Governor of Gansu
- In office 3 December 2020 – 2 September 2026
- Preceded by: Tang Renjian
- Succeeded by: Kong Shaoxun [zh]

Personal details
- Born: February 1964 (age 62) Hefeng County, Hubei
- Party: Chinese Communist Party
- Alma mater: Huazhong Institute of Technology

= Ren Zhenhe =

Chinese politician (born 1964)

Ren Zhenhe (任振鹤, born February 1964) is a Chinese politician of Tujia ethnicity, served as the Governor of Gansu from 2020 to 2026.

== Biography ==
Ren Zhenhe was born in Hefeng County, Hubei. In 1984, he joined the Chinese Communist Party. He graduated from Huazhong Institute of Technology (present-day Huazhong University of Science and Technology) with a bachelor's degree in 1988, majoring in technical economics.

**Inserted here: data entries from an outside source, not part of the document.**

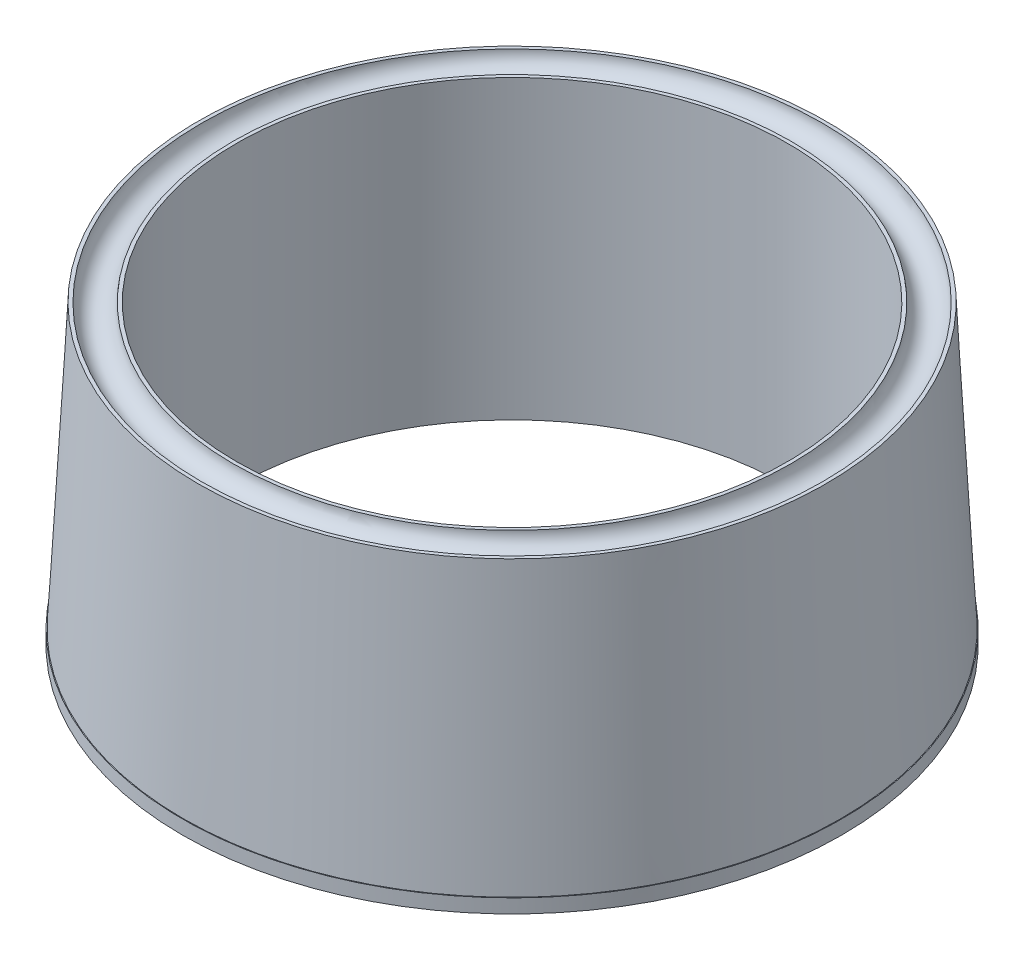
from build123d import *

# Parameters (mm, degrees)
SKETCH1_R            = 45
BOSS_EXTRUDE1_DEPTH  = 42.5
SKETCH2_R            = 39.5
CUT_EXTRUDE1_DEPTH   = 148
DRAFT2_ANGLE         = 3
CUT_EXTRUDE2_DEPTH   = 5
SKETCH7_R            = 47.22733062
BOSS_EXTRUDE2_DEPTH  = 2
SKETCH8_R            = 39.5
CUT_EXTRUDE3_DEPTH   = 66
SKETCH9_R            = 1.6
CUT_EXTRUDE4_DEPTH   = 15
CUT_SWEEP1_PROFILE_R = 2.25


with BuildPart() as part:
    # Sketch1 → Boss-Extrude1 (new body)
    with BuildSketch(Plane(origin=(0, 0, 0), x_dir=(1, 0, 0), z_dir=(0, 1, 0))):
        Circle(SKETCH1_R)
    extrude(amount=BOSS_EXTRUDE1_DEPTH)

    # Sketch2 → Cut-Extrude1 (cut)
    with BuildSketch(Plane(origin=(0, 42.5, 0), x_dir=(1, 0, 0), z_dir=(0, 1, 0))):
        Circle(SKETCH2_R)
    extrude(amount=-CUT_EXTRUDE1_DEPTH, mode=Mode.SUBTRACT)

    # Draft2
    draft2_faces = [part.faces().sort_by_distance(p)[0] for p in [
        (-45, 21.25, 0),
    ]]
    draft(draft2_faces, Plane.ZX.offset(42.5), DRAFT2_ANGLE)

    # Sketch6 → Cut-Extrude2 (cut)
    with BuildSketch(Plane.XZ):
        Polygon((-40.485053641, 1.661967222), (-43.36366531, 3.323934444), (-46.242276979, 1.661967222), (-46.242276979, -1.661967222), (-43.36366531, -3.323934444), (-40.485053641, -1.661967222), align=None)
        Polygon((-21.681832655, -34.474886348), (-24.348454268, -36.014461054), (-24.348454268, -39.093610465), (-21.681832655, -40.633185171), (-19.015211042, -39.093610465), (-19.015211042, -36.014461054), align=None)
        Polygon((-24.387760102, 35.991767819), (-21.681832655, 34.429499879), (-18.975905208, 35.991767819), (-18.975905208, 39.1163037), (-21.681832655, 40.67857164), (-24.387760102, 39.1163037), align=None)
        Polygon((19.305812767, -36.182240038), (19.305812767, -38.925831481), (21.681832655, -40.297627203), (24.057852543, -38.925831481), (24.057852543, -36.182240038), (21.681832655, -34.810444316), align=None)
        Polygon((19.015211042, 39.093610465), (19.015211042, 36.014461054), (21.681832655, 34.474886348), (24.348454268, 36.014461054), (24.348454268, 39.093610465), (21.681832655, 40.633185171), align=None)
        Polygon((40.948339588, -1.394488956), (43.36366531, -2.788977912), (45.778991032, -1.394488956), (45.778991032, 1.394488956), (43.36366531, 2.788977912), (40.948339588, 1.394488956), align=None)
    extrude(amount=-CUT_EXTRUDE2_DEPTH, mode=Mode.SUBTRACT)

    # Sketch7 → Boss-Extrude2 (add)
    with BuildSketch(Plane.XZ):
        Circle(SKETCH7_R)
    extrude(amount=-BOSS_EXTRUDE2_DEPTH)

    # Sketch8 → Cut-Extrude3 (cut)
    with BuildSketch(Plane(origin=(0, 2, 0), x_dir=(1, 0, 0), z_dir=(0, 1, 0))):
        Circle(SKETCH8_R)
    extrude(amount=-CUT_EXTRUDE3_DEPTH, mode=Mode.SUBTRACT)

    # Sketch9 → Cut-Extrude4 (cut)
    with BuildSketch(Plane.XZ):
        with Locations((-43.285053641, 0)):
            Circle(SKETCH9_R)
        with Locations((-21.64252682, -37.485956057)):
            Circle(SKETCH9_R)
        with Locations((-21.64252682, 37.485956057)):
            Circle(SKETCH9_R)
        with Locations((21.64252682, -37.485956057)):
            Circle(SKETCH9_R)
        with Locations((21.64252682, 37.485956057)):
            Circle(SKETCH9_R)
        with Locations((43.285053641, 0)):
            Circle(SKETCH9_R)
    extrude(amount=-CUT_EXTRUDE4_DEPTH, mode=Mode.SUBTRACT)

    # Cut-Sweep1: sweep along a path in Sketch10
    with BuildLine(Plane(origin=(0, 42.5, 0), x_dir=(1, 0, 0), z_dir=(0, 1, 0))) as cut_sweep1_path:
        CenterArc((0, 0), 42.25, 0, 360)
    # Cut-Sweep1 profile (on start of the path) → Cut-Sweep1 (sweep, cut)
    with BuildSketch(Plane(origin=(42.25, 42.5, 0), x_dir=(-1, 0, 0), z_dir=(0, 0, -1))):
        Circle(CUT_SWEEP1_PROFILE_R)
    sweep(path=cut_sweep1_path.line, mode=Mode.SUBTRACT)


solid = part.part

He had been served as the Vice Magistrate of Hefeng County (1993–1996), Deputy Party Secretary of Hefeng County (1996), Deputy Party Secretary of Lichuan (1996–1997), Mayor of Lichuan (1997–1998, acting: 1996–1997), Party Secretary of Lichuan (1998–2002), Deputy Governor of Enshi Tujia and Miao Autonomous Prefecture (2001–2003), Deputy Party Secretary of Enshi (2003–2006), Deputy Party Secretary of Huanggang (2006–2008), Deputy Party Secretary and Mayor of Xianning (2008–2012), Party Secretary of Xianning (2012–2015), Deputy Governor of Hubei Province (2015–2016), Party Secretary of Xiangyang (2016–2017), Head of the Organization Department of Zhejiang Province (2017–2018), head of the Supervision Commission of Zhejiang (2019, acting: 2018–2019), head of the Zhejiang Commission for Discipline Inspection (2018–2019), and Deputy Party Secretary of Jiangsu Province (2019– November 2020).

In November 2020, Ren was appointed as the Deputy Party Secretary of Gansu Province. In December, Ren was named the acting Governor of Gansu. He was elected as the Governor in January 2021 until September 2026.

Ren is a delegate to the 13th National People's Congress.